As I filled in the PT schedule on our calendar, I told David I needn’t have wondered what I would do after I finished my degree in two weeks. I can see it now…my calender stretches out into the future filled with appointments for both of us for eyes, ears, joints, and internal organs.  Oh yes, I might manage to arrange a visit to a local rose garden too.

Mt. Blanc massif

Mt. Blanc massif (Photo credit: h_saarikoski)


 Note: for the hats, simply click on Amazon and type in Hats-women.  Then search until you find what you have in mind.  The hats I chose are under the cloche selection. That’s ‘bell’ in French. 



10 thoughts on “C is for color

  1. Sorry to hear the Ruguso is a favorite of bugs. I know it is disease resistant and I am cursed with black spot. I was hoping Ruguso would solve that problem. Back to the drawing board.
    I am a big believer in PT and hope it helps David.


    • Patti, My Rugosa rose is NOT bothered by insects. FG article is misleading perhaps. Besides, the trick is to invite the birds which you do. The down side of the Rugosa for me is that I must wear very thick gloves to handle her. She is prickly.


  2. I won’t grow roses here, because I am afraid of the poison used on the plant to kill pests. A friend’s son got leukemia from their neighbor’s poison spray on roses.

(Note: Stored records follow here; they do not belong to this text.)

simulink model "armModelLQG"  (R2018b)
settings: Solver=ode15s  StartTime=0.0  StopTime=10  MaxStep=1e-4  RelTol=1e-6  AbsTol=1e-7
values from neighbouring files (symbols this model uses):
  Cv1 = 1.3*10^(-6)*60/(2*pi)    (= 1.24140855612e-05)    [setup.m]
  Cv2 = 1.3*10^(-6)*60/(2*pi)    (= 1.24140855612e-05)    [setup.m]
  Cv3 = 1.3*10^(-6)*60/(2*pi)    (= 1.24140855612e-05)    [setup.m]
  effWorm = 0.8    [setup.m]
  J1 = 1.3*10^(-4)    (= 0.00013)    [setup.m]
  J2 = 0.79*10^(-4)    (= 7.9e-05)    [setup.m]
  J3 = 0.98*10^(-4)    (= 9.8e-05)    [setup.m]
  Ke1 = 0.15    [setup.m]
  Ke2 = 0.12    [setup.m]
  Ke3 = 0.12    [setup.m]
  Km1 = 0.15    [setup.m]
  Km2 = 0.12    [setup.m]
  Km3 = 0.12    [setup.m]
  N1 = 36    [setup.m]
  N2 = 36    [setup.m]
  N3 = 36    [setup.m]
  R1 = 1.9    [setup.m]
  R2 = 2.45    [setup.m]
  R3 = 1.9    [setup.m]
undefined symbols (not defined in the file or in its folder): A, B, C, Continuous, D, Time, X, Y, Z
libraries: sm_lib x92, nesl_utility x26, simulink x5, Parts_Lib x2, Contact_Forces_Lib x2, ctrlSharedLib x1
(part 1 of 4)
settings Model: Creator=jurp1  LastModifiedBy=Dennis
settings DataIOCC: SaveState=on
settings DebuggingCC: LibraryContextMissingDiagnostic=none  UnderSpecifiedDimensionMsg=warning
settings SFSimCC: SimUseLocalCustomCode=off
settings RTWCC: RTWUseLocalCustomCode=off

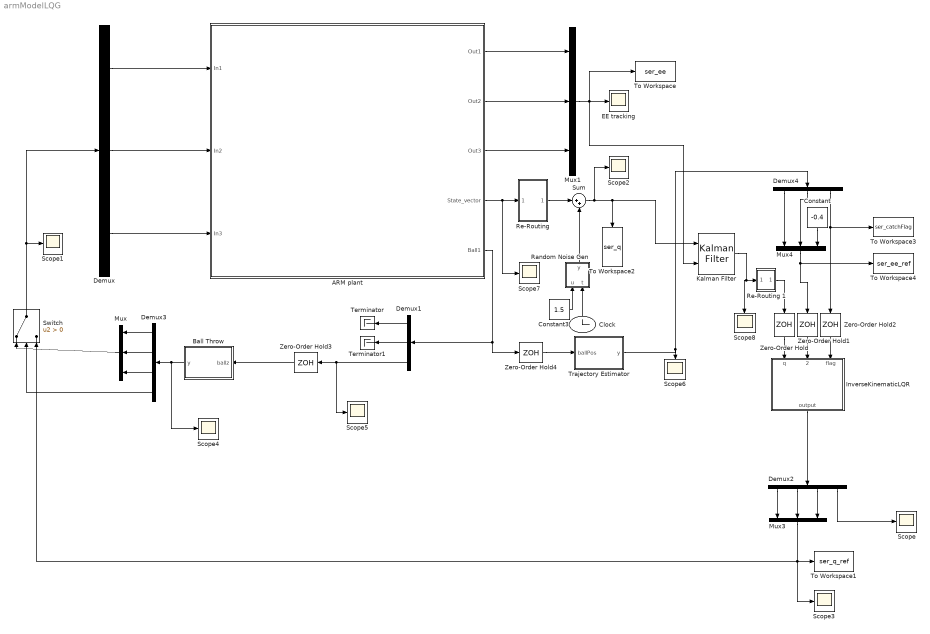
== system armModelLQG ==
  "ARM plant " : Subsystem
  Ball Throw : MATLAB Function  TreatAsAtomicUnit=on
  Clock : Clock
  Constant : Constant  Value=-0.4
  Constant3 : Constant  Value=1.5
  Demux : Demux  Outputs=3
  Demux1 : Demux  Outputs=3
  Demux2 : Demux
  Demux3 : Demux
  Demux4 : Demux  Outputs=3
  EE tracking : Scope
  "InverseKinematicLQR " : MATLAB Function  TreatAsAtomicUnit=on
  Kalman Filter : ctrlSharedLib/Kalman Filter  TimeDomain=Continuous-Time  UseCurrentEstimator=on  ModelSource=Individual A, B, C, D matrices  ModelSourceVariable=ss(0.95,1,1,0,1)  A=A  B=B  C=C  D=D  NumberOfStates=1  NumberOfInputs=1  NumberOfOutputs=1  InitialEstimateSource=Dialog  X0=0  P0=10  UseK=off  UseGH=off  NumberOfProcessNoiseInputs=1  G=1  TimeInvariantG=on  H=0  TimeInvariantH=on  Q=0.05  TimeInvariantQ=on  R=1  TimeInvariantR=on  N=0  TimeInvariantN=on  AddInputPort=on  AddEnablePort=off  OutputEstimatedY=off  OutputP=off  Ts=-1
      settings: SourceProductBaseCode=CT
  Mux{,1,3..4} (4 alike) : Mux  Inputs=3
  Random Noise Gen : MATLAB Function  TreatAsAtomicUnit=on
  "Re-Routing " : Subsystem
  Re-Routing 1 : Subsystem
  Scope{,1..8} (9 alike) : Scope
  Sum : Sum  Inputs=|++
  Switch : Switch  Criteria=u2 > Threshold
  Terminator : Terminator
  Terminator1 : Terminator
  To Workspace : ToWorkspace  VariableName=ser_ee  SaveFormat=Timeseries  SampleTime=0.0001
  To Workspace1 : ToWorkspace  VariableName=ser_q_ref  SaveFormat=Timeseries  SampleTime=0.0001
  To Workspace2 : ToWorkspace  VariableName=ser_q  SaveFormat=Timeseries  SampleTime=0.0001
  To Workspace3 : ToWorkspace  VariableName=ser_catchFlag  SaveFormat=Timeseries  SampleTime=-1
  To Workspace4 : ToWorkspace  VariableName=ser_ee_ref  SaveFormat=Timeseries  SampleTime=0.0001
  Trajectory Estimator : MATLAB Function  TreatAsAtomicUnit=on
  Zero-Order Hold : ZeroOrderHold  SampleTime=0.001
  Zero-Order Hold1 : ZeroOrderHold  SampleTime=0.001
  Zero-Order Hold2 : ZeroOrderHold  SampleTime=0.001
  Zero-Order Hold3 : ZeroOrderHold  SampleTime=0.1
  Zero-Order Hold4 : ZeroOrderHold  SampleTime=0.01
  wires:
  "ARM plant "/1(Out1) -> Mux1/1
  "ARM plant "/2(Out2) -> Mux1/2
  "ARM plant "/3(Out3) -> Mux1/3
  Demux/1 -> "ARM plant "/1(In1)
  Demux/2 -> "ARM plant "/2(In2)
  Demux/3 -> "ARM plant "/3(In3)
  "ARM plant "/4("State_vector ") -> Scope7/1, "Re-Routing "/1(In1)
  "InverseKinematicLQR "/1(output) -> Demux2/1
  Zero-Order Hold2/1 -> "InverseKinematicLQR "/3(flag)
  Zero-Order Hold1/1 -> "InverseKinematicLQR "/2(state_trgt)
  Zero-Order Hold/1 -> "InverseKinematicLQR "/1(q)
  Demux2/2 -> Mux3/2
  Demux2/3 -> Mux3/3
  Demux2/1 -> Mux3/1
  Mux3/1 -> Switch/3, To Workspace1/1, Scope3/1
  Demux2/4 -> Scope/1
  Switch/1 -> Scope1/1, Demux/1
  "ARM plant "/5(Ball1) -> Zero-Order Hold4/1, Demux1/1
  Demux1/3 -> Scope5/1, Zero-Order Hold3/1
  Zero-Order Hold3/1 -> Ball Throw/1(ballz)
  Ball Throw/1(y) -> Scope4/1, Demux3/1
  Demux3/2 -> Mux/2
  Demux3/1 -> Mux/1
  Demux3/3 -> Mux/3
  Demux3/4 -> Switch/2
  Mux/1 -> Switch/1
  Demux1/2 -> Terminator1/1
  Demux1/1 -> Terminator/1
  Zero-Order Hold4/1 -> Trajectory Estimator/1(ballPos)
  Trajectory Estimator/1(y) -> Demux4/1, Scope6/1
  Demux4/3 -> Zero-Order Hold2/1, To Workspace3/1
  Constant/1 -> Mux4/3
  Demux4/2 -> Mux4/2
  Demux4/1 -> Mux4/1
  Mux4/1 -> Zero-Order Hold1/1, To Workspace4/1
  Constant3/1 -> Random Noise Gen/1(u)
  Random Noise Gen/1(y) -> Sum/2
  "Re-Routing "/1(Out1) -> Sum/1
  Clock/1 -> Random Noise Gen/2(t)
  Kalman Filter/1 -> Scope8/1, Re-Routing 1/1(In1)
  Sum/1 -> Scope2/1, To Workspace2/1, Kalman Filter/1
  Re-Routing 1/1(Out1) -> Zero-Order Hold/1
  Mux1/1 -> Kalman Filter/2, To Workspace/1, EE tracking/1

    Sad that we all have so many medical appointments when we reach a certain age.


  3. Cloche hats are my favourite! If only I could wear one.

    Reading your post, I had several answers for this comment and then I got to the cloche hats bit and the rest went out of my mind.

    I’m much more frivolous than I thought I was 🙂


  4. Surely the rose is called ‘blanc’, because that’s what it is, namely white.

    When I first went to work I didn’t need to wear suits, ordinary dresses and skirts were allowed. I even worked dressed in very colourful outfits in the seventies.

    I now what you mean about a diary full of medical appointments; we have tons between us. Very boring and time consuming. They mess up so many days when I would rather do something else.


  5. If I could grow roses I would want this one. And your photo captured the “purity” of the white marvelously. Too bad the camera couldn’t capture the scent. The “inappropriate ” office attire is a lot more interesting than what some youngsters consider appropriate these days.

    Hope the PT helps. And I just scheduled another’s doctor’s appointment, working around my therapy and his scarce availability. My sympathies to you as keeper of the schedule and to you, David, me and others who are either trying to refurbish our parts or are having to order new parts.